Now., there are four possibilities


*

*both $\frac{99!!}{100!!}$ and $\frac{98!!}{99!!}$ are less than $\frac{1}{10}$, which would lead to a contradiction as their product would be less than $\frac{1}{100}$

*both $\frac{99!!}{100!!}$ and $\frac{98!!}{99!!}$ are greater than or equal to $\frac{1}{10}$, which if at least one is strictly greater than $\frac{1}{10}$ would yield a contradiction as their product would be greater than $\frac{1}{100}$.  If both are equal to $\frac{1}{10}$, then using a prime factorization argument yields a contradiction.

*$\frac{99!!}{100!!}$ is less than $\frac{1}{10}$ and $\frac{98!!}{99!!}$ is greater than $\frac{1}{10}$ (this is what we want to show must be the case)

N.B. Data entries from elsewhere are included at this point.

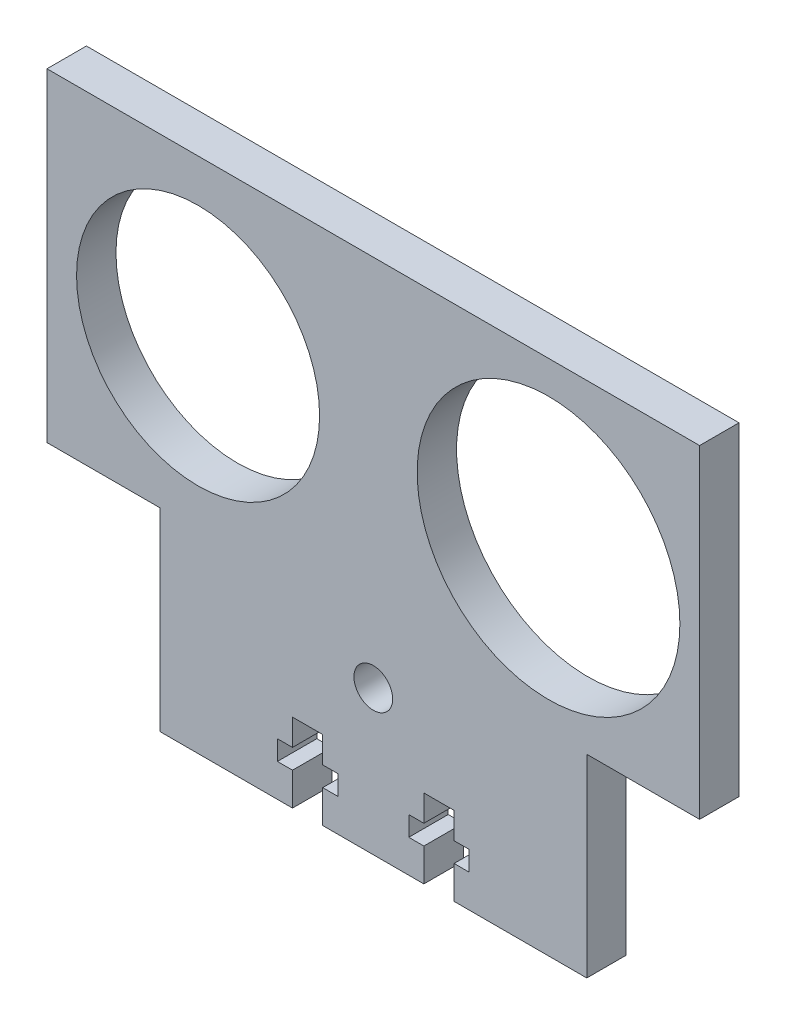
from build123d import *

# Parameters (mm, degrees)
SKETCH1_R           = 2.95
SKETCH1_R_2         = 20
SKETCH1_R_3         = 18.5
BOSS_EXTRUDE1_DEPTH = 6
CUT_EXTRUDE2_DEPTH  = 76.689323992


with BuildPart() as part:
    # Sketch1 → Boss-Extrude1 (new body)
    with BuildSketch(Plane.XY):
        Polygon((-32.5, 7.5), (-32.5, -22), (32.5, -22), (32.5, 7.5), (49.675685802, 7.5), (49.675685802, 56.790844389), (-49.675685802, 56.790844389), (-49.675685802, 7.5), align=None)
        Circle(SKETCH1_R, mode=Mode.SUBTRACT)
        with Locations((26.675685802, 31.790844389)):
            Circle(SKETCH1_R_2, mode=Mode.SUBTRACT)
        with Locations((-26.675685802, 31.790844389)):
            Circle(SKETCH1_R_3, mode=Mode.SUBTRACT)
    extrude(amount=BOSS_EXTRUDE1_DEPTH)

    # Sketch3 → Cut-Extrude2 (cut, through all)
    with BuildSketch(Plane.XY.offset(6)):
        Polygon((-12.3, -22), (-7.7, -22), (-7.7, -17), (-5.4, -17), (-5.4, -14), (-7.7, -14), (-7.7, -10), (-12.3, -10), (-12.3, -14), (-14.6, -14), (-14.6, -17), (-12.3, -17), align=None)
        Polygon((7.7, -14), (7.7, -10), (12.3, -10), (12.3, -14), (14.6, -14), (14.6, -17), (12.3, -17), (12.3, -22), (7.7, -22), (7.7, -17), (5.4, -17), (5.4, -14), align=None)
    extrude(amount=-CUT_EXTRUDE2_DEPTH, mode=Mode.SUBTRACT)


solid = part.part
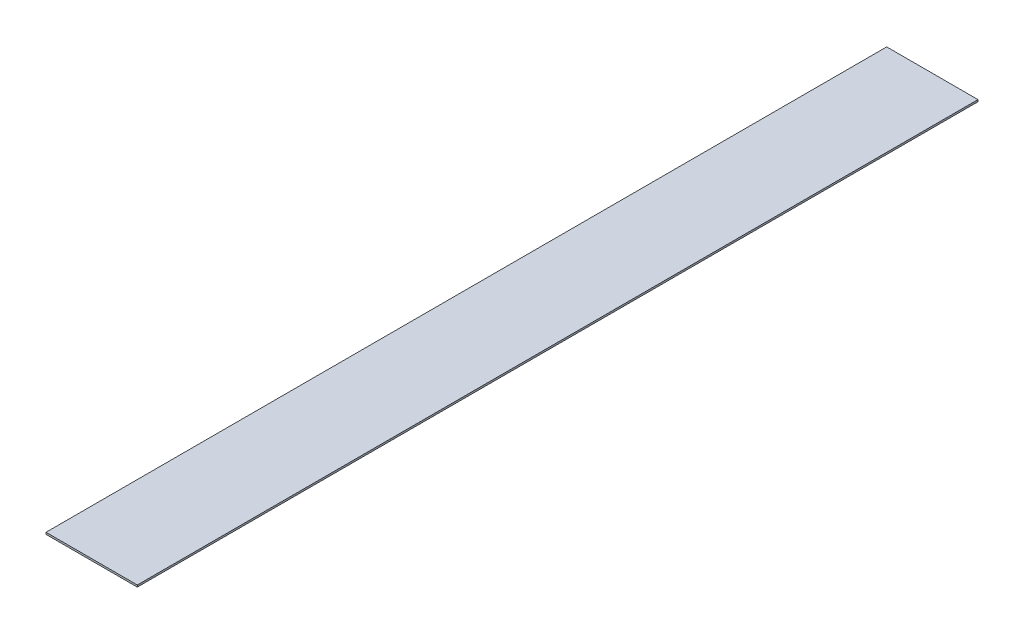
from build123d import *

# Parameters (mm, degrees)
SKETCH2_W           = 4.92
SKETCH2_H           = 45.3
BOSS_EXTRUDE1_DEPTH = 0.05


with BuildPart() as part:
    # Sketch2 → Boss-Extrude1 (new, symmetric)
    with BuildSketch(Plane(origin=(0, 0, 0), x_dir=(1, 0, 0), z_dir=(0, 1, 0))):
        Rectangle(SKETCH2_W, SKETCH2_H)
    extrude(amount=BOSS_EXTRUDE1_DEPTH, both=True)


solid = part.part

*$\frac{99!!}{100!!}$ is greater than $\frac{1}{10}$ and $\frac{98!!}{99!!}$ is less than $\frac{1}{10}$. (we want to show this can't be the case)
So, the question has become proving whether or not $\frac{(n-1)!!}{n!!}$ must be less than $\frac{n!!}{(n+1)!!}$
A: $$ \ln \left( \frac{99!!}{100!!} \right) = \ln \left(\frac{99}{100} \cdot \frac{97}{98} \cdot \ldots \cdot \frac{1}{2}\right) = \sum_{k=1}^{50} (\ln(2k-1)- \ln(2k)) $$
with $f(k) = \ln(2k-1)-\ln(2k)$ a concave function of $k$ for $k \ge 1$.
Thus 
$$\eqalign{ \ln \left( \frac{99!!}{100!!} \right) &= \frac{f(1)}{2} + \frac{f(50)}{2} + \sum_{k=1}^{49} \frac{f(k)+f(k+1)}{2}\cr
&\le \frac{f(1)}{2} + \frac{f(50)}{2} + \int_1^{50} f(t)\; dt\cr
&= -199 \frac{\ln(2)}{2}-100 \ln(5)+99 \ln(3)+99 \frac{\ln(11)}{2}+\frac{\ln(99)}{2}-\ln(10)\cr &< \ln(1/10)} $$
A: $$
(2k-1)!! = \frac{(2k-1)!}{2^{k-1}(k-1)!}
$$
$$
(2k)!! = 2^k k!
$$
$$
\frac{(2k-1)!!}{(2k)!!} = \frac{1}{2^{2k-1}}\frac{(2k-1)!}{k!(k-1)!}=\frac{1}{2^{2k-1}}\frac12\frac{2k(2k-1)!}{k!k(k-1)!}=\frac{1}{2^{2k}}\frac{(2k)!}{k!k!}
= \frac{1}{2^{2k}}\binom{2k}{k}
$$
We can express that central binomial coefficient in terms of Catalan numbers:
$$
\frac{(2k-1)!!}{(2k)!!} =  \frac{1}{2^{2k}} (k+1)C_k
$$
The asymptotic form of $C_k$ for $k>2$ is 
$$
\frac{4^k}{k^{3/2}\sqrt{\pi}} (1-\frac{9}{8k}) < C_k <\frac{4^k}{k^{3/2}\sqrt{\pi}} 
$$
So 
$$
\frac{(2k-1)!!}{(2k)!!} < \frac{1}{2^{2k}} (k+1) \frac{4^k}{k^{3/2}\sqrt{\pi}}
= (1+\frac1k)\frac1{\sqrt{k\pi}}
$$
If you plug in $k=33$ this says 
$$\frac{65!!}{66!!} < \frac{34}{33\sqrt{33\pi}} \sim 0.0996 < 0.1$$
And of course $\frac{99!!}{100!!}$ is less than that.